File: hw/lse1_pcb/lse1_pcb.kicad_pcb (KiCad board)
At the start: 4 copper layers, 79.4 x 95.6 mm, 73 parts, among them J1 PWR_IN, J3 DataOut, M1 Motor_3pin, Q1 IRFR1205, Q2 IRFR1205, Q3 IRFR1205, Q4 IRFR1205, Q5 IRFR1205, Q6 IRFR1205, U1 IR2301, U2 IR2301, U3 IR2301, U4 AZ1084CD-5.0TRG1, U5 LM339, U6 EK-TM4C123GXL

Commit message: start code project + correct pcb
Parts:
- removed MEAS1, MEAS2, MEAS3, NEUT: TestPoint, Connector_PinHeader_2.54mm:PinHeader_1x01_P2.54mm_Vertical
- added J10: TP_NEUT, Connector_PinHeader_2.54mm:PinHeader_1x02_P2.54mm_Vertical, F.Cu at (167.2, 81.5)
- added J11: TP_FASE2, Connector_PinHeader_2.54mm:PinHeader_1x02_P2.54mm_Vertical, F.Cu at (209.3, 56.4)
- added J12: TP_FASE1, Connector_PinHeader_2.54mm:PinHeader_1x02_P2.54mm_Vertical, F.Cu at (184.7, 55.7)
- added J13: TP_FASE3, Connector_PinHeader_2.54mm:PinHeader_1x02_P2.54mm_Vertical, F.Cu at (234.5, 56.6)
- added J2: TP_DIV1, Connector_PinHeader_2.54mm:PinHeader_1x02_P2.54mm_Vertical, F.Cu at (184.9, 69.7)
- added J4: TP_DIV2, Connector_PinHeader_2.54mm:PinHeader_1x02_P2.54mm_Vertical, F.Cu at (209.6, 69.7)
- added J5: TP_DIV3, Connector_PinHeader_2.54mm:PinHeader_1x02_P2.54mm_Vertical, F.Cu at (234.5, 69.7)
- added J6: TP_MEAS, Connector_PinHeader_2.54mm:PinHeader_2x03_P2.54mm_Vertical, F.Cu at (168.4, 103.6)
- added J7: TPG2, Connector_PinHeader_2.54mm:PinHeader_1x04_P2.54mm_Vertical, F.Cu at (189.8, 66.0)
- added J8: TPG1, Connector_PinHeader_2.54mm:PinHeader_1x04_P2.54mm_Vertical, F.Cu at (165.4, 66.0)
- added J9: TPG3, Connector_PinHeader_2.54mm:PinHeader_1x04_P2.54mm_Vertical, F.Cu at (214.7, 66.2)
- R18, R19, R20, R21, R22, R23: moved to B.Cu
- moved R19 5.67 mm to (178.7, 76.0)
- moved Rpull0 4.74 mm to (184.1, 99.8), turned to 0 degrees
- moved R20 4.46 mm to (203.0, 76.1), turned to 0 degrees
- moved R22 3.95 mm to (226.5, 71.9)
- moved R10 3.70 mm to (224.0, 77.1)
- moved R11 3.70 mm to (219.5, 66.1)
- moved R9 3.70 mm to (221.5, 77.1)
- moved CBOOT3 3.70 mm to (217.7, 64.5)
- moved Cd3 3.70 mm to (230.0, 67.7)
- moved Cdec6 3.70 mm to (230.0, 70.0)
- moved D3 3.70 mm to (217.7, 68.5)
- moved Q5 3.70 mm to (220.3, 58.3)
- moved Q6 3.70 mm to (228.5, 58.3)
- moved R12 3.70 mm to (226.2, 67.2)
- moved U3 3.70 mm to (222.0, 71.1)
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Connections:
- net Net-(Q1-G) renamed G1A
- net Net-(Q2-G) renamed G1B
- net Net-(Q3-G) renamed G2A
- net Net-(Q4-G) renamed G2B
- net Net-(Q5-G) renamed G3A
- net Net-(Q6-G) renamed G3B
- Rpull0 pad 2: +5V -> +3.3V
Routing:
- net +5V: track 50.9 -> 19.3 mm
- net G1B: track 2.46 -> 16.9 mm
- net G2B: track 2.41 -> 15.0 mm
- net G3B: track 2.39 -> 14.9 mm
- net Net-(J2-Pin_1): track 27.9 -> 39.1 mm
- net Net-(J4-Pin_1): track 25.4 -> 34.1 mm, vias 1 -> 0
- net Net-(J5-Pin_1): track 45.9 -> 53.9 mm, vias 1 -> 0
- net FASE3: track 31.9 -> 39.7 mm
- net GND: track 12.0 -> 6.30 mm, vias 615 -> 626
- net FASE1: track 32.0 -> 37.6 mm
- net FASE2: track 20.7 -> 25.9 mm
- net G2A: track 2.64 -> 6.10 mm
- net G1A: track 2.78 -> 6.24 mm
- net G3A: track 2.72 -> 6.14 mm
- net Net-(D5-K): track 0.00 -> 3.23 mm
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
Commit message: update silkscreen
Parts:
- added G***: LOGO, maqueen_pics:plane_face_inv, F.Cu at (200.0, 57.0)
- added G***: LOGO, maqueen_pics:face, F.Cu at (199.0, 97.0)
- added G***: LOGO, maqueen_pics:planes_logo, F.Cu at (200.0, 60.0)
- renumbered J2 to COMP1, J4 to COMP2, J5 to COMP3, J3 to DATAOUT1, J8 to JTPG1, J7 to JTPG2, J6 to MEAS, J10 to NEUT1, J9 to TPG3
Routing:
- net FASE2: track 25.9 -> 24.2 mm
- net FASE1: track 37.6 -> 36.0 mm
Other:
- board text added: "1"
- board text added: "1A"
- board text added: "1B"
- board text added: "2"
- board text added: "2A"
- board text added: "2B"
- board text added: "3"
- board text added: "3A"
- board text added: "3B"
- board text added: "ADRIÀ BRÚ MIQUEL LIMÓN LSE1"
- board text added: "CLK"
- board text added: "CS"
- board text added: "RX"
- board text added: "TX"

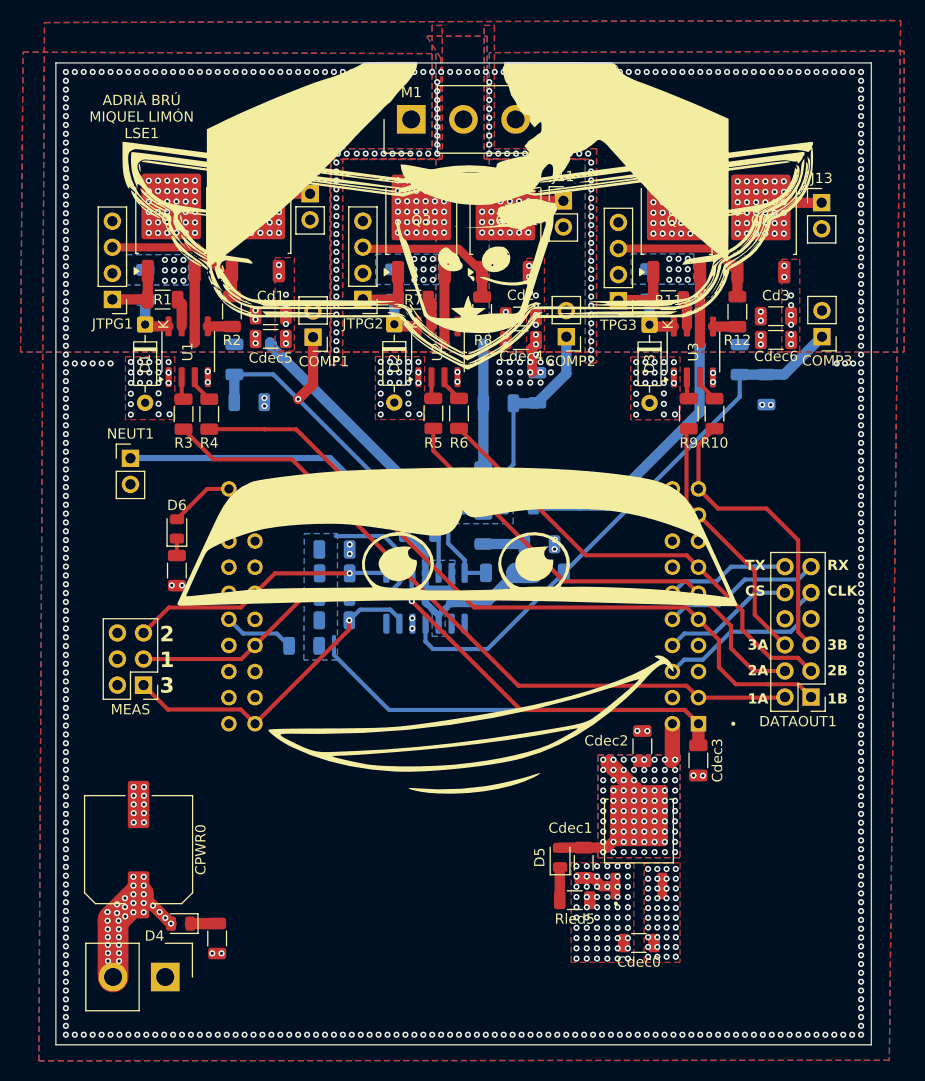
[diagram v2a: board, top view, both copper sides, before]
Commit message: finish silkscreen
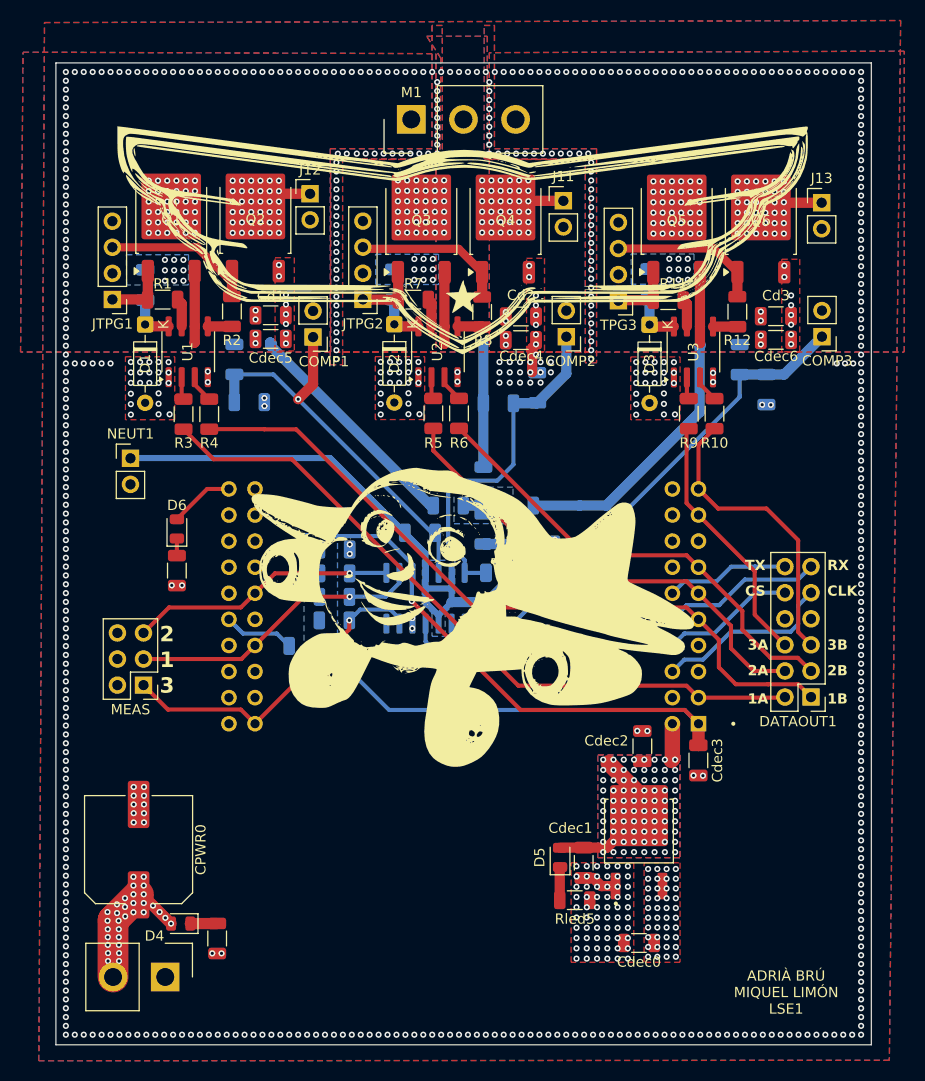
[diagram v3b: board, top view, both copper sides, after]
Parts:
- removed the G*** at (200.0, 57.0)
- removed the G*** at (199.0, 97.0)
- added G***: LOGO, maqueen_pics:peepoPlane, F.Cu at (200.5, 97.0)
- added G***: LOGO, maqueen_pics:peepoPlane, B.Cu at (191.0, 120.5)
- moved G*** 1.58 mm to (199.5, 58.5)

----

Count lines above with the word "renamed". Give the number only.

6